FİRDEVSİ VE ŞAHNAME HAKKINDA BİLGİ
Firdevsî 10. yüzyılda İran'ın Tus bölgesinde yaşamış, en büyük İran şairi sayılmaktadır. İran'ın İslâmlıktan önceki uzun ve efsaneli tarihini incelemiş, eski Hint-Pers kaynaklarına bağlı İran mitologyasını (esatir) göz önüne almış ve bilhassa halkın yaşatmakta olduğu efsane, menkıbe ve rivayetleri toplayıp düzenleyerek 60 bin beyitlik Fars destanı Şehnâme'yi vücuda getirmiştir. Şehname, o devir İran hükümdarı, Türk soyundan Gazneli Mahmut'a sunulmuştur. Firdevsî'yi bu eseri yazmak için, maddî ve manevî her bakımdan destekleyen de Sultan Mahmut'tur.
Şehname, epik mesnevi şeklinde ve aruzun Feûlün feûlün feûlün feûl kalıbıyla yazılmıştır. Eski İran-Turan hükümdarlarının efsaneli ve çok maceralı tarihlerini, cihangirliklerini anlatmıştır. Destanda en çok eski İran-Turan (Fars-Türk) savaşları ve münasebetleri üstünde durulur. Türk (Saka) kağanı Alp Er-Tunga (burada Efrasiyab) Şehnamenin baş kişilerinden biridir.
Şehnâme'de İran'a ait olan her şeyin iyi, üstün ve eşsiz tutulduğu görülür. Çünkü Firdevsî büyük bir milliyetçidir. Bu yüzden eseri İran kültür ve medeniyetinin temel taşı olmuştur. İran'da Şehname kadar sevilen ve okunan bir eser gösterilemez. Fars mitologyası, Şehnâme'de adeta millî bir inanç halinde yaşatılmaktadır. Son çağlara kadar şairler, ressamlar, folklorcular ve bale uzmanları da ondan faydalanarak yeni eserler yapmışlardır. Tahran'ın büyük binalarında, otellerinde Şehnâme'ye ait tasvirler, beyitler görülür. İran radyoları her gün, Firdevsî'den parçalar okuyarak millî ruhu ayakta tutmaya çalışır. Şehnâme'nin Türk Divan edebiyatı, halk edebiyatı hatta masallarımız üstündeki etkileri de ayrı önemli bir bahistir.

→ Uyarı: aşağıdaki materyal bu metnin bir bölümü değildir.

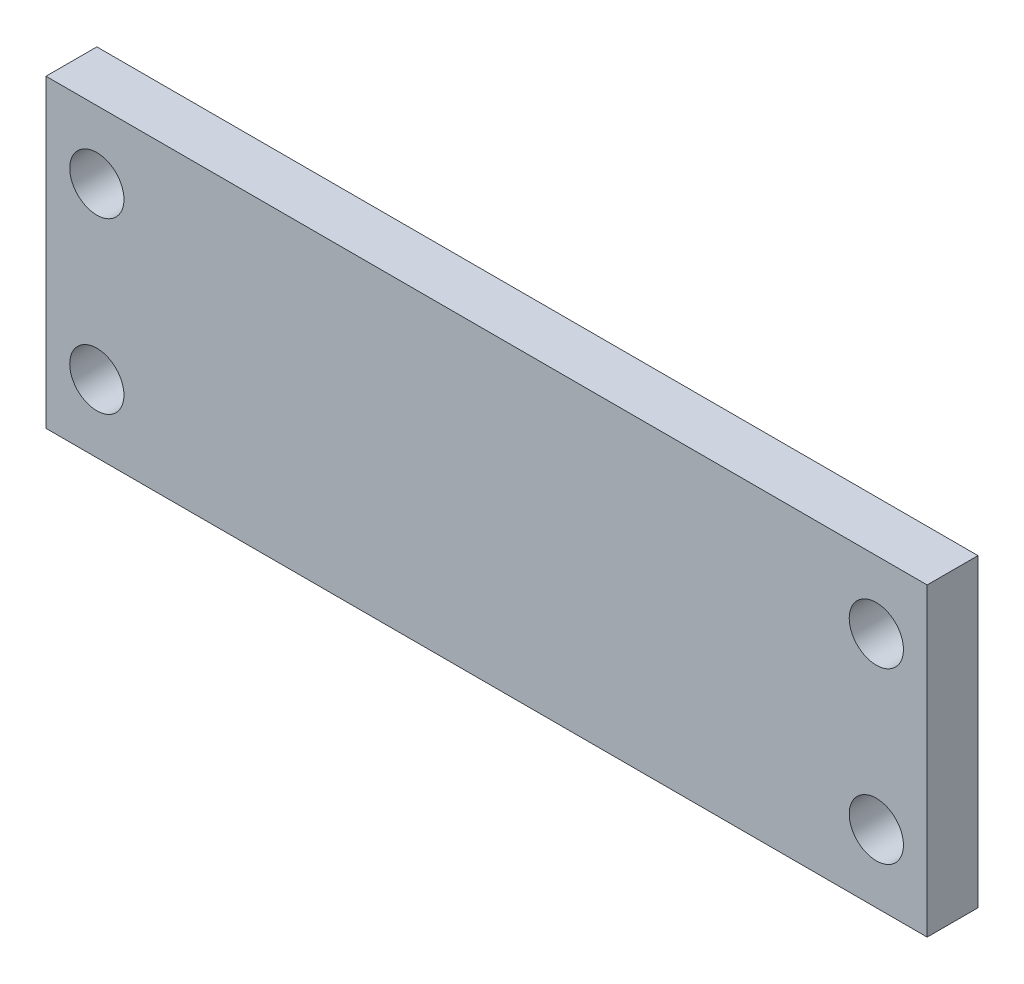
SolidWorks part; units mm, degrees
material "AISI 1020"
ref_plane "Front Plane" through (0, 0, 0) normal (0, 0, 1) x (1, 0, 0)
ref_plane "Top Plane" through (0, 0, 0) normal (0, 1, 0) x (1, 0, 0)
ref_plane "Right Plane" through (0, 0, 0) normal (1, 0, 0) x (0, 0, -1)
sketch "Sketch2" plane through (0, 0, 0) normal (0, 0, 1) x (1, 0, 0)
  line L1 (-26, -9) -> (26, -9)
  line L2 (-26, -9) -> (-26, 9)
  line L3 (-26, 9) -> (26, 9)
  line L4 (26, -9) -> (26, 9)
  circle A3 centre (-23, -5) radius 1.6
  circle A5 centre (-23, 5) radius 1.6
  circle A6 centre (23, -5) radius 1.6
  circle A7 centre (23, 5) radius 1.6
  point P0 (0, 0)
  point P5 (0, 0)
  point P20 (-21.8245, -5.2351)
  dimension "D3" = 10
  dimension "D5" = 3.2
  dimension "D6" = 3.2
  dimension "D7" = 3.2
  dimension "D8" = 3.2
  dimension "D1" = 46
  dimension "D2" = 18
  dimension "D4" = 52
extrude "Boss-Extrude1" add sketch "Sketch2" along normal blind 3
equation "\"A\"= 100"
equation "\"B\"= 100"
equation "\"C\"= 100"
equation "\"D\"= 100"
equation "\"E\"= 100"

Firdevsî, gerçi iyi bir Müslüman’dır. Hazreti Muhammed'e ve sahabelere övgüleri, sevgisi derindir. Bu yüzden Şehnâme'de eski Fars töre ve inançları ile İslâm ruhunu çelişme ve çatışmaya sokturmadan kaynaştırmaya dikkat etmiştir. Ama bu büyük milliyetçi şairin, yurdunu üç dört yüz sene işgal etmiş olan Araplara kızgınlığı ve hıncı sonsuzdur. Sırası geldikçe onları hicvetmekten geri durmaz. Nitekim bir yerde:
"Bir zamanlar çölde deve sütü ve kertenkele etiyle geçinen Araplar işi o kadar azıttılar ki, Key'lerin (eski Pars hükümdarları Keykubat, Keykâvus, Keyhusrev vb.) taçlarını istemeye başladılar. Tuu, senin yüzüne ey kahbe felek tuuu!" demektedir.